Cursors let the application loop through a set of records, one row at time. The cursor library determines if the cursor will run on the server or workstation. Cursors can be static, forward only, dynamic, or keyset. There are four locking options in creating a cursor: read only, optimistic, batch optimistic, and pessimistic. Choosing cursor options carefully makes a positive impact on overall performance. The Recordset object in Visual Basic represents a cursor.
Enforcing data integrity includes both validation and referential integrity. VB allows client-side validation through the use of controls: TextBox, CheckBox, ComboBox, Masked Edit, OptionButton, ListBox. SQL Server implements server-side validation with constraints, rules, defaults, triggers, and stored procedures. Referential integrity insures that normalized data maintains the proper relationships. SQL Server uses the PRIMARY and FOREIGN KEY constraints to enforce referential integrity. A foreign key is a column that can only include values present in the primary key of another table. The Errors collection of the ADO Connection objects lets the application handle referential integrity errors.

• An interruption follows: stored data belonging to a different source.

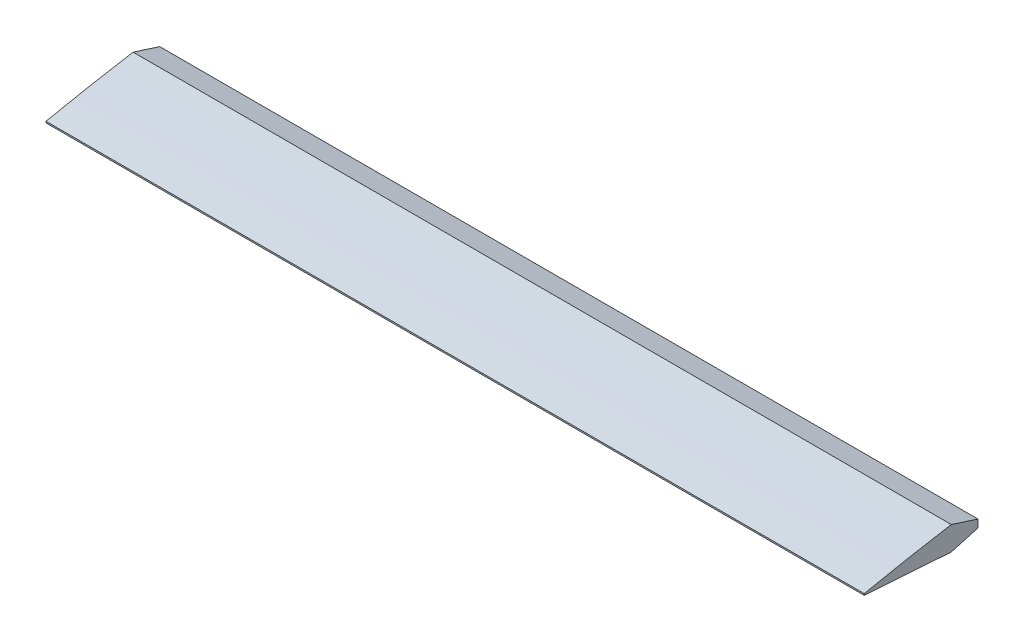
ISO-10303-21;
HEADER;
FILE_DESCRIPTION(('STEP AP214'),'2;1');
FILE_NAME('part.step','',(''),(''),'','','');
FILE_SCHEMA(('AUTOMOTIVE_DESIGN { 1 0 10303 214 1 1 1 1 }'));
ENDSEC;
DATA;
#1=APPLICATION_CONTEXT('core data for automotive mechanical design processes');
#2=APPLICATION_PROTOCOL_DEFINITION('international standard','automotive_design',2000,#1);
#3=PRODUCT_CONTEXT('',#1,'mechanical');
#4=PRODUCT('Part','Part','',(#3));
#5=PRODUCT_RELATED_PRODUCT_CATEGORY('part','',(#4));
#6=PRODUCT_DEFINITION_FORMATION('','',#4);
#7=PRODUCT_DEFINITION_CONTEXT('part definition',#1,'design');
#8=PRODUCT_DEFINITION('design','',#6,#7);
#9=PRODUCT_DEFINITION_SHAPE('','',#8);
#10=(LENGTH_UNIT() NAMED_UNIT(*) SI_UNIT(.MILLI.,.METRE.));
#11=(NAMED_UNIT(*) PLANE_ANGLE_UNIT() SI_UNIT($,.RADIAN.));
#12=(NAMED_UNIT(*) SI_UNIT($,.STERADIAN.) SOLID_ANGLE_UNIT());
#13=UNCERTAINTY_MEASURE_WITH_UNIT(LENGTH_MEASURE(1.E-05),#10,'distance_accuracy_value','');
#14=(GEOMETRIC_REPRESENTATION_CONTEXT(3) GLOBAL_UNCERTAINTY_ASSIGNED_CONTEXT((#13)) GLOBAL_UNIT_ASSIGNED_CONTEXT((#10,
#11,#12)) REPRESENTATION_CONTEXT('',''));
#15=CARTESIAN_POINT('',(0.,0.,0.));
#16=DIRECTION('',(0.,0.,1.));
#17=DIRECTION('',(1.,0.,0.));
#18=AXIS2_PLACEMENT_3D('',#15,#16,#17);
#19=CARTESIAN_POINT('',(-250.,21.3886732850242,89.));
#20=CARTESIAN_POINT('',(-250.,21.6924393138106,87.5175902156763));
#21=CARTESIAN_POINT('',(-250.,22.2991735538198,84.5566640796384));
#22=CARTESIAN_POINT('',(-250.,23.4104909631112,78.6297269469736));
#23=CARTESIAN_POINT('',(-250.,24.641831569462,71.2170631809324));
#24=CARTESIAN_POINT('',(-250.,25.9162390672229,62.3159799477099));
#25=CARTESIAN_POINT('',(-250.,26.9790478293723,53.4163650243348));
#26=CARTESIAN_POINT('',(-250.,27.757252312656,44.5128917718668));
#27=CARTESIAN_POINT('',(-250.,28.2842497525229,35.6114461447732));
#28=CARTESIAN_POINT('',(-250.,28.3734546736372,28.1847004811248));
#29=CARTESIAN_POINT('',(-250.,28.1277297242642,22.2491575224991));
#30=CARTESIAN_POINT('',(-250.,27.7676716658709,17.7938603249267));
#31=CARTESIAN_POINT('',(-250.,27.1974963055456,13.3329383648118));
#32=CARTESIAN_POINT('',(-250.,26.4953694537602,9.62034210956704));
#33=CARTESIAN_POINT('',(-250.,25.701015566182,6.66058751576171));
#34=CARTESIAN_POINT('',(-250.,24.9788303768218,4.4166755350325));
#35=CARTESIAN_POINT('',(-250.,24.1373761617376,2.51552543990555));
#36=CARTESIAN_POINT('',(-250.,23.1172060054036,0.875610555548998));
#37=CARTESIAN_POINT('',(-250.,21.3529663487488,-0.554450875401541));
#38=CARTESIAN_POINT('',(-250.,19.8022315361252,0.931001928104729));
#39=CARTESIAN_POINT('',(-250.,19.0949550918379,2.54024256096899));
#40=CARTESIAN_POINT('',(-250.,18.5577036137218,4.43302859202716));
#41=CARTESIAN_POINT('',(-250.,18.1724928525861,6.66955299200507));
#42=CARTESIAN_POINT('',(-250.,17.8437583770492,9.64115310370391));
#43=CARTESIAN_POINT('',(-250.,17.590735707999,13.3504314681179));
#44=CARTESIAN_POINT('',(-250.,17.4892914666729,17.8043187113869));
#45=CARTESIAN_POINT('',(-250.,17.5034280625483,22.2550272141336));
#46=CARTESIAN_POINT('',(-250.,17.6344002740936,28.1885067397123));
#47=CARTESIAN_POINT('',(-250.,17.8700772068071,35.6060485187279));
#48=CARTESIAN_POINT('',(-250.,18.280226492312,44.5059981210921));
#49=CARTESIAN_POINT('',(-250.,18.8133186654621,53.4033670106579));
#50=CARTESIAN_POINT('',(-250.,19.3674253006102,62.3022449763705));
#51=CARTESIAN_POINT('',(-250.,19.9283008784247,71.2026444966919));
#52=CARTESIAN_POINT('',(-250.,20.4448648269986,78.6172037371231));
#53=CARTESIAN_POINT('',(-250.,20.8433000555565,84.5506800402072));
#54=CARTESIAN_POINT('',(-250.,21.052621242818,87.5168254487195));
#55=CARTESIAN_POINT('',(-250.,21.1572890238036,89.));
#56=B_SPLINE_CURVE_WITH_KNOTS('',3,(#19,#20,#21,#22,#23,#24,#25,#26,#27,#28,#29,#30,#31,#32,#33,
#34,#35,#36,#37,#38,#39,#40,#41,#42,#43,#44,#45,#46,#47,#48,#49,#50,#51,#52,#53,#54,#55),
.UNSPECIFIED.,.F.,.F.,(4,1,1,1,1,1,1,1,1,1,1,1,1,1,1,1,1,1,1,1,1,1,1,1,1,1,1,1,1,1,1,1,1,1,4),
(0.,0.0250124897498648,0.0499592861642578,0.0996729249269686,0.149206319909966,
0.198581096615965,0.247805170456833,0.296916574601493,0.345952721793533,0.370491625569911,
0.395091203654929,0.41981479582396,0.444798575016595,0.457489818915221,0.47040640543549,
0.483879408669829,0.491264120322896,0.503458853294665,0.513609129403887,0.520450990700287,
0.533235387615153,0.545691039147803,0.558031884237173,0.582609167247894,0.607134741746914,
0.631652079836766,0.656174271859652,0.705233949250519,0.754320378530032,0.803437363555032,
0.852566095729537,0.901700994033255,0.950848809337271,0.975422716989279,1.),.UNSPECIFIED.);
#57=DIRECTION('',(1.,0.,0.));
#58=VECTOR('',#57,1.);
#59=SURFACE_OF_LINEAR_EXTRUSION('',#56,#58);
#60=CARTESIAN_POINT('',(-101.,21.3886732850242,89.));
#61=CARTESIAN_POINT('',(-101.,21.6924393138106,87.5175902156763));
#62=CARTESIAN_POINT('',(-101.,22.2991735538198,84.5566640796384));
#63=CARTESIAN_POINT('',(-101.,23.4104909631112,78.6297269469736));
#64=CARTESIAN_POINT('',(-101.,24.641831569462,71.2170631809324));
#65=CARTESIAN_POINT('',(-101.,25.9162390672229,62.3159799477099));
#66=CARTESIAN_POINT('',(-101.,26.9790478293723,53.4163650243348));
#67=CARTESIAN_POINT('',(-101.,27.757252312656,44.5128917718668));
#68=CARTESIAN_POINT('',(-101.,28.2842497525229,35.6114461447732));
#69=CARTESIAN_POINT('',(-101.,28.3734546736372,28.1847004811248));
#70=CARTESIAN_POINT('',(-101.,28.1277297242642,22.2491575224991));
#71=CARTESIAN_POINT('',(-101.,27.7676716658709,17.7938603249267));
#72=CARTESIAN_POINT('',(-101.,27.1974963055456,13.3329383648118));
#73=CARTESIAN_POINT('',(-101.,26.4953694537602,9.62034210956704));
#74=CARTESIAN_POINT('',(-101.,25.701015566182,6.66058751576171));
#75=CARTESIAN_POINT('',(-101.,24.9788303768218,4.4166755350325));
#76=CARTESIAN_POINT('',(-101.,24.1373761617376,2.51552543990555));
#77=CARTESIAN_POINT('',(-101.,23.1172060054036,0.875610555548998));
#78=CARTESIAN_POINT('',(-101.,21.3529663487488,-0.554450875401541));
#79=CARTESIAN_POINT('',(-101.,19.8022315361252,0.931001928104729));
#80=CARTESIAN_POINT('',(-101.,19.0949550918379,2.54024256096899));
#81=CARTESIAN_POINT('',(-101.,18.5577036137218,4.43302859202716));
#82=CARTESIAN_POINT('',(-101.,18.1724928525861,6.66955299200507));
#83=CARTESIAN_POINT('',(-101.,17.8437583770492,9.64115310370391));
#84=CARTESIAN_POINT('',(-101.,17.590735707999,13.3504314681179));
#85=CARTESIAN_POINT('',(-101.,17.4892914666729,17.8043187113869));
#86=CARTESIAN_POINT('',(-101.,17.5034280625483,22.2550272141336));
#87=CARTESIAN_POINT('',(-101.,17.6344002740936,28.1885067397123));
#88=CARTESIAN_POINT('',(-101.,17.8700772068071,35.6060485187279));
#89=CARTESIAN_POINT('',(-101.,18.280226492312,44.5059981210921));
#90=CARTESIAN_POINT('',(-101.,18.8133186654621,53.4033670106579));
#91=CARTESIAN_POINT('',(-101.,19.3674253006102,62.3022449763705));
#92=CARTESIAN_POINT('',(-101.,19.9283008784247,71.2026444966919));
#93=CARTESIAN_POINT('',(-101.,20.4448648269986,78.6172037371231));
#94=CARTESIAN_POINT('',(-101.,20.8433000555565,84.5506800402072));
#95=CARTESIAN_POINT('',(-101.,21.052621242818,87.5168254487195));
#96=CARTESIAN_POINT('',(-101.,21.1572890238036,89.));
#97=B_SPLINE_CURVE_WITH_KNOTS('',3,(#60,#61,#62,#63,#64,#65,#66,#67,#68,#69,#70,#71,#72,#73,#74,
#75,#76,#77,#78,#79,#80,#81,#82,#83,#84,#85,#86,#87,#88,#89,#90,#91,#92,#93,#94,#95,#96),
.UNSPECIFIED.,.F.,.F.,(4,1,1,1,1,1,1,1,1,1,1,1,1,1,1,1,1,1,1,1,1,1,1,1,1,1,1,1,1,1,1,1,1,1,4),
(0.,0.0250124897498648,0.0499592861642578,0.0996729249269686,0.149206319909966,
0.198581096615965,0.247805170456833,0.296916574601493,0.345952721793533,0.370491625569911,
0.395091203654929,0.41981479582396,0.444798575016595,0.457489818915221,0.47040640543549,
0.483879408669829,0.491264120322896,0.503458853294665,0.513609129403887,0.520450990700287,
0.533235387615153,0.545691039147803,0.558031884237173,0.582609167247894,0.607134741746914,
0.631652079836766,0.656174271859652,0.705233949250519,0.754320378530032,0.803437363555032,
0.852566095729537,0.901700994033255,0.950848809337271,0.975422716989279,1.),.UNSPECIFIED.);
#98=CARTESIAN_POINT('',(-101.,21.3886732850242,89.));
#99=VERTEX_POINT('',#98);
#100=CARTESIAN_POINT('',(-101.,23.9416394535555,75.375229743475));
#101=VERTEX_POINT('',#100);
#102=EDGE_CURVE('E127',#99,#101,#97,.T.);
#103=ORIENTED_EDGE('',*,*,#102,.T.);
#104=DIRECTION('',(-1.,0.,0.));
#105=VECTOR('',#104,1.);
#106=CARTESIAN_POINT('',(-101.,23.941639457081,75.3752297227453));
#107=LINE('',#106,#105);
#108=CARTESIAN_POINT('',(-229.,23.941639457081,75.3752297227453));
#109=VERTEX_POINT('',#108);
#110=EDGE_CURVE('E70',#101,#109,#107,.T.);
#111=ORIENTED_EDGE('',*,*,#110,.T.);
#112=CARTESIAN_POINT('',(-229.,21.3886732850242,89.));
#113=CARTESIAN_POINT('',(-229.,21.6924393138106,87.5175902156763));
#114=CARTESIAN_POINT('',(-229.,22.2991735538198,84.5566640796384));
#115=CARTESIAN_POINT('',(-229.,23.4104909631112,78.6297269469736));
#116=CARTESIAN_POINT('',(-229.,24.641831569462,71.2170631809324));
#117=CARTESIAN_POINT('',(-229.,25.9162390672229,62.3159799477099));
#118=CARTESIAN_POINT('',(-229.,26.9790478293723,53.4163650243348));
#119=CARTESIAN_POINT('',(-229.,27.757252312656,44.5128917718668));
#120=CARTESIAN_POINT('',(-229.,28.2842497525229,35.6114461447732));
#121=CARTESIAN_POINT('',(-229.,28.3734546736372,28.1847004811248));
#122=CARTESIAN_POINT('',(-229.,28.1277297242642,22.2491575224991));
#123=CARTESIAN_POINT('',(-229.,27.7676716658709,17.7938603249267));
#124=CARTESIAN_POINT('',(-229.,27.1974963055456,13.3329383648118));
#125=CARTESIAN_POINT('',(-229.,26.4953694537602,9.62034210956704));
#126=CARTESIAN_POINT('',(-229.,25.701015566182,6.66058751576171));
#127=CARTESIAN_POINT('',(-229.,24.9788303768218,4.4166755350325));
#128=CARTESIAN_POINT('',(-229.,24.1373761617376,2.51552543990555));
#129=CARTESIAN_POINT('',(-229.,23.1172060054036,0.875610555548998));
#130=CARTESIAN_POINT('',(-229.,21.3529663487488,-0.554450875401541));
#131=CARTESIAN_POINT('',(-229.,19.8022315361252,0.931001928104729));
#132=CARTESIAN_POINT('',(-229.,19.0949550918379,2.54024256096899));
#133=CARTESIAN_POINT('',(-229.,18.5577036137218,4.43302859202716));
#134=CARTESIAN_POINT('',(-229.,18.1724928525861,6.66955299200507));
#135=CARTESIAN_POINT('',(-229.,17.8437583770492,9.64115310370391));
#136=CARTESIAN_POINT('',(-229.,17.590735707999,13.3504314681179));
#137=CARTESIAN_POINT('',(-229.,17.4892914666729,17.8043187113869));
#138=CARTESIAN_POINT('',(-229.,17.5034280625483,22.2550272141336));
#139=CARTESIAN_POINT('',(-229.,17.6344002740936,28.1885067397123));
#140=CARTESIAN_POINT('',(-229.,17.8700772068071,35.6060485187279));
#141=CARTESIAN_POINT('',(-229.,18.280226492312,44.5059981210921));
#142=CARTESIAN_POINT('',(-229.,18.8133186654621,53.4033670106579));
#143=CARTESIAN_POINT('',(-229.,19.3674253006102,62.3022449763705));
#144=CARTESIAN_POINT('',(-229.,19.9283008784247,71.2026444966919));
#145=CARTESIAN_POINT('',(-229.,20.4448648269986,78.6172037371231));
#146=CARTESIAN_POINT('',(-229.,20.8433000555565,84.5506800402072));
#147=CARTESIAN_POINT('',(-229.,21.052621242818,87.5168254487195));
#148=CARTESIAN_POINT('',(-229.,21.1572890238036,89.));
#149=B_SPLINE_CURVE_WITH_KNOTS('',3,(#112,#113,#114,#115,#116,#117,#118,#119,#120,#121,#122,
#123,#124,#125,#126,#127,#128,#129,#130,#131,#132,#133,#134,#135,#136,#137,#138,#139,#140,#141,
#142,#143,#144,#145,#146,#147,#148),.UNSPECIFIED.,.F.,.F.,(4,1,1,1,1,1,1,1,1,1,1,1,1,1,1,1,1,1,
1,1,1,1,1,1,1,1,1,1,1,1,1,1,1,1,4),(0.,0.0250124897498648,0.0499592861642578,0.0996729249269686,
0.149206319909966,0.198581096615965,0.247805170456833,0.296916574601493,0.345952721793533,
0.370491625569911,0.395091203654929,0.41981479582396,0.444798575016595,0.457489818915221,
0.47040640543549,0.483879408669829,0.491264120322896,0.503458853294665,0.513609129403887,
0.520450990700287,0.533235387615153,0.545691039147803,0.558031884237173,0.582609167247894,
0.607134741746914,0.631652079836766,0.656174271859652,0.705233949250519,0.754320378530032,
0.803437363555032,0.852566095729537,0.901700994033255,0.950848809337271,0.975422716989279,1.),.UNSPECIFIED.);
#150=CARTESIAN_POINT('',(-229.,21.3886732850242,89.));
#151=VERTEX_POINT('',#150);
#152=EDGE_CURVE('E131',#109,#151,#149,.F.);
#153=ORIENTED_EDGE('',*,*,#152,.T.);
#154=DIRECTION('',(1.,0.,0.));
#155=VECTOR('',#154,1.);
#156=CARTESIAN_POINT('',(-250.,21.3886732850242,89.));
#157=LINE('',#156,#155);
#158=EDGE_CURVE('E63',#151,#99,#157,.T.);
#159=ORIENTED_EDGE('',*,*,#158,.T.);
#160=EDGE_LOOP('',(#103,#111,#153,#159));
#161=FACE_BOUND('',#160,.T.);
#162=ADVANCED_FACE('F54',(#161),#59,.F.);
#163=CARTESIAN_POINT('',(-229.,21.1572890238036,89.));
#164=VERTEX_POINT('',#163);
#165=CARTESIAN_POINT('',(-229.,20.2199641203431,75.3752297229802));
#166=VERTEX_POINT('',#165);
#167=EDGE_CURVE('E122',#164,#166,#149,.F.);
#168=ORIENTED_EDGE('',*,*,#167,.T.);
#169=DIRECTION('',(-1.,0.,0.));
#170=VECTOR('',#169,1.);
#171=CARTESIAN_POINT('',(-101.,20.2199641203431,75.3752297229802));
#172=LINE('',#171,#170);
#173=CARTESIAN_POINT('',(-101.,20.2199641203431,75.3752297229802));
#174=VERTEX_POINT('',#173);
#175=EDGE_CURVE('E108',#174,#166,#172,.T.);
#176=ORIENTED_EDGE('',*,*,#175,.F.);
#177=CARTESIAN_POINT('',(-101.,21.1572890238036,89.));
#178=VERTEX_POINT('',#177);
#179=EDGE_CURVE('E120',#174,#178,#97,.T.);
#180=ORIENTED_EDGE('',*,*,#179,.T.);
#181=DIRECTION('',(1.,0.,0.));
#182=VECTOR('',#181,1.);
#183=CARTESIAN_POINT('',(-250.,21.1572890238036,89.));
#184=LINE('',#183,#182);
#185=EDGE_CURVE('E12',#164,#178,#184,.T.);
#186=ORIENTED_EDGE('',*,*,#185,.F.);
#187=EDGE_LOOP('',(#168,#176,#180,#186));
#188=FACE_BOUND('',#187,.T.);
#189=ADVANCED_FACE('F118',(#188),#59,.F.);
#190=CARTESIAN_POINT('',(0.,0.,89.));
#191=DIRECTION('',(0.,0.,1.));
#192=DIRECTION('',(1.,0.,0.));
#193=AXIS2_PLACEMENT_3D('',#190,#191,#192);
#194=PLANE('',#193);
#195=DIRECTION('',(0.,1.,0.));
#196=VECTOR('',#195,1.);
#197=CARTESIAN_POINT('',(-229.,17.4691352699566,89.));
#198=LINE('',#197,#196);
#199=EDGE_CURVE('E133',#164,#151,#198,.T.);
#200=ORIENTED_EDGE('',*,*,#199,.F.);
#201=ORIENTED_EDGE('',*,*,#185,.T.);
#202=DIRECTION('',(0.,1.,0.));
#203=VECTOR('',#202,1.);
#204=CARTESIAN_POINT('',(-101.,17.4691352699566,89.));
#205=LINE('',#204,#203);
#206=EDGE_CURVE('E126',#178,#99,#205,.T.);
#207=ORIENTED_EDGE('',*,*,#206,.T.);
#208=ORIENTED_EDGE('',*,*,#158,.F.);
#209=EDGE_LOOP('',(#200,#201,#207,#208));
#210=FACE_BOUND('',#209,.T.);
#211=ADVANCED_FACE('F56',(#210),#194,.T.);
#212=CARTESIAN_POINT('',(-229.,17.4691352699566,71.2));
#213=DIRECTION('',(0.,0.,1.));
#214=DIRECTION('',(1.,0.,0.));
#215=AXIS2_PLACEMENT_3D('',#212,#213,#214);
#216=PLANE('',#215);
#217=DIRECTION('',(0.,1.,0.));
#218=VECTOR('',#217,1.);
#219=CARTESIAN_POINT('',(-101.,17.4691352699566,71.2));
#220=LINE('',#219,#218);
#221=CARTESIAN_POINT('',(-101.,21.3930593438665,71.2));
#222=VERTEX_POINT('',#221);
#223=CARTESIAN_POINT('',(-101.,22.5975463968663,71.2));
#224=VERTEX_POINT('',#223);
#225=EDGE_CURVE('E139',#222,#224,#220,.T.);
#226=ORIENTED_EDGE('',*,*,#225,.F.);
#227=DIRECTION('',(-1.,0.,0.));
#228=VECTOR('',#227,1.);
#229=CARTESIAN_POINT('',(-101.,21.3930593438665,71.2));
#230=LINE('',#229,#228);
#231=CARTESIAN_POINT('',(-229.,21.3930593438665,71.2));
#232=VERTEX_POINT('',#231);
#233=EDGE_CURVE('E78',#222,#232,#230,.T.);
#234=ORIENTED_EDGE('',*,*,#233,.T.);
#235=DIRECTION('',(0.,1.,0.));
#236=VECTOR('',#235,1.);
#237=CARTESIAN_POINT('',(-229.,17.4691352699566,71.2));
#238=LINE('',#237,#236);
#239=CARTESIAN_POINT('',(-229.,22.5975463968663,71.2));
#240=VERTEX_POINT('',#239);
#241=EDGE_CURVE('E128',#232,#240,#238,.T.);
#242=ORIENTED_EDGE('',*,*,#241,.T.);
#243=DIRECTION('',(-1.,0.,0.));
#244=VECTOR('',#243,1.);
#245=CARTESIAN_POINT('',(-101.,22.5975463968663,71.2));
#246=LINE('',#245,#244);
#247=EDGE_CURVE('E191',#224,#240,#246,.T.);
#248=ORIENTED_EDGE('',*,*,#247,.F.);
#249=EDGE_LOOP('',(#226,#234,#242,#248));
#250=FACE_BOUND('',#249,.T.);
#251=ADVANCED_FACE('F160',(#250),#216,.F.);
#252=CARTESIAN_POINT('',(-229.,17.4691352699566,89.));
#253=DIRECTION('',(1.,0.,0.));
#254=DIRECTION('',(0.,0.,-1.));
#255=AXIS2_PLACEMENT_3D('',#252,#253,#254);
#256=PLANE('',#255);
#257=ORIENTED_EDGE('',*,*,#241,.F.);
#258=DIRECTION('',(0.,0.270491689824604,-0.962722309773608));
#259=VECTOR('',#258,1.);
#260=CARTESIAN_POINT('',(-229.,21.3930593438665,71.2));
#261=LINE('',#260,#259);
#262=EDGE_CURVE('E114',#166,#232,#261,.T.);
#263=ORIENTED_EDGE('',*,*,#262,.F.);
#264=ORIENTED_EDGE('',*,*,#167,.F.);
#265=ORIENTED_EDGE('',*,*,#199,.T.);
#266=ORIENTED_EDGE('',*,*,#152,.F.);
#267=DIRECTION('',(0.,0.306433774766558,0.951891980049374));
#268=VECTOR('',#267,1.);
#269=CARTESIAN_POINT('',(-229.,22.5975463968663,71.2));
#270=LINE('',#269,#268);
#271=EDGE_CURVE('E190',#240,#109,#270,.T.);
#272=ORIENTED_EDGE('',*,*,#271,.F.);
#273=EDGE_LOOP('',(#257,#263,#264,#265,#266,#272));
#274=FACE_BOUND('',#273,.T.);
#275=ADVANCED_FACE('F163',(#274),#256,.F.);
#276=CARTESIAN_POINT('',(-101.,17.4691352699566,71.2));
#277=DIRECTION('',(-1.,0.,0.));
#278=DIRECTION('',(0.,0.,1.));
#279=AXIS2_PLACEMENT_3D('',#276,#277,#278);
#280=PLANE('',#279);
#281=ORIENTED_EDGE('',*,*,#179,.F.);
#282=DIRECTION('',(0.,0.270491689824604,-0.962722309773608));
#283=VECTOR('',#282,1.);
#284=CARTESIAN_POINT('',(-101.,21.3930593438665,71.2));
#285=LINE('',#284,#283);
#286=EDGE_CURVE('E105',#174,#222,#285,.T.);
#287=ORIENTED_EDGE('',*,*,#286,.T.);
#288=ORIENTED_EDGE('',*,*,#225,.T.);
#289=DIRECTION('',(0.,0.306433774766558,0.951891980049374));
#290=VECTOR('',#289,1.);
#291=CARTESIAN_POINT('',(-101.,22.5975463968663,71.2));
#292=LINE('',#291,#290);
#293=EDGE_CURVE('E183',#224,#101,#292,.T.);
#294=ORIENTED_EDGE('',*,*,#293,.T.);
#295=ORIENTED_EDGE('',*,*,#102,.F.);
#296=ORIENTED_EDGE('',*,*,#206,.F.);
#297=EDGE_LOOP('',(#281,#287,#288,#294,#295,#296));
#298=FACE_BOUND('',#297,.T.);
#299=ADVANCED_FACE('F124',(#298),#280,.F.);
#300=CARTESIAN_POINT('',(-101.,22.5975463968663,71.2));
#301=DIRECTION('',(0.,-0.951891980049374,0.306433774766558));
#302=DIRECTION('',(0.,-0.306433774766558,-0.951891980049375));
#303=AXIS2_PLACEMENT_3D('',#300,#301,#302);
#304=PLANE('',#303);
#305=ORIENTED_EDGE('',*,*,#271,.T.);
#306=ORIENTED_EDGE('',*,*,#110,.F.);
#307=ORIENTED_EDGE('',*,*,#293,.F.);
#308=ORIENTED_EDGE('',*,*,#247,.T.);
#309=EDGE_LOOP('',(#305,#306,#307,#308));
#310=FACE_BOUND('',#309,.T.);
#311=ADVANCED_FACE('F167',(#310),#304,.F.);
#312=CARTESIAN_POINT('',(-101.,21.3930593438665,71.2));
#313=DIRECTION('',(0.,0.962722309773608,0.270491689824604));
#314=DIRECTION('',(0.,-0.270491689824604,0.962722309773608));
#315=AXIS2_PLACEMENT_3D('',#312,#313,#314);
#316=PLANE('',#315);
#317=ORIENTED_EDGE('',*,*,#262,.T.);
#318=ORIENTED_EDGE('',*,*,#233,.F.);
#319=ORIENTED_EDGE('',*,*,#286,.F.);
#320=ORIENTED_EDGE('',*,*,#175,.T.);
#321=EDGE_LOOP('',(#317,#318,#319,#320));
#322=FACE_BOUND('',#321,.T.);
#323=ADVANCED_FACE('F107',(#322),#316,.F.);
#324=CLOSED_SHELL('',(#162,#189,#211,#251,#275,#299,#311,#323));
#325=MANIFOLD_SOLID_BREP('B2',#324);
#326=ADVANCED_BREP_SHAPE_REPRESENTATION('',(#18,#325),#14);
#327=SHAPE_DEFINITION_REPRESENTATION(#9,#326);
ENDSEC;
END-ISO-10303-21;

The Execute method of the ADO Connection objects gives the programmer the ability to execute statements and stored procedures on the database server. Any stored procedure can be run from a VB application. A VB record set can hold a result set returned by a stored procedure. The application can also run action queries against data on the server. Using the Execute method takes advantage of server resources and SQL Servers performance capabilities.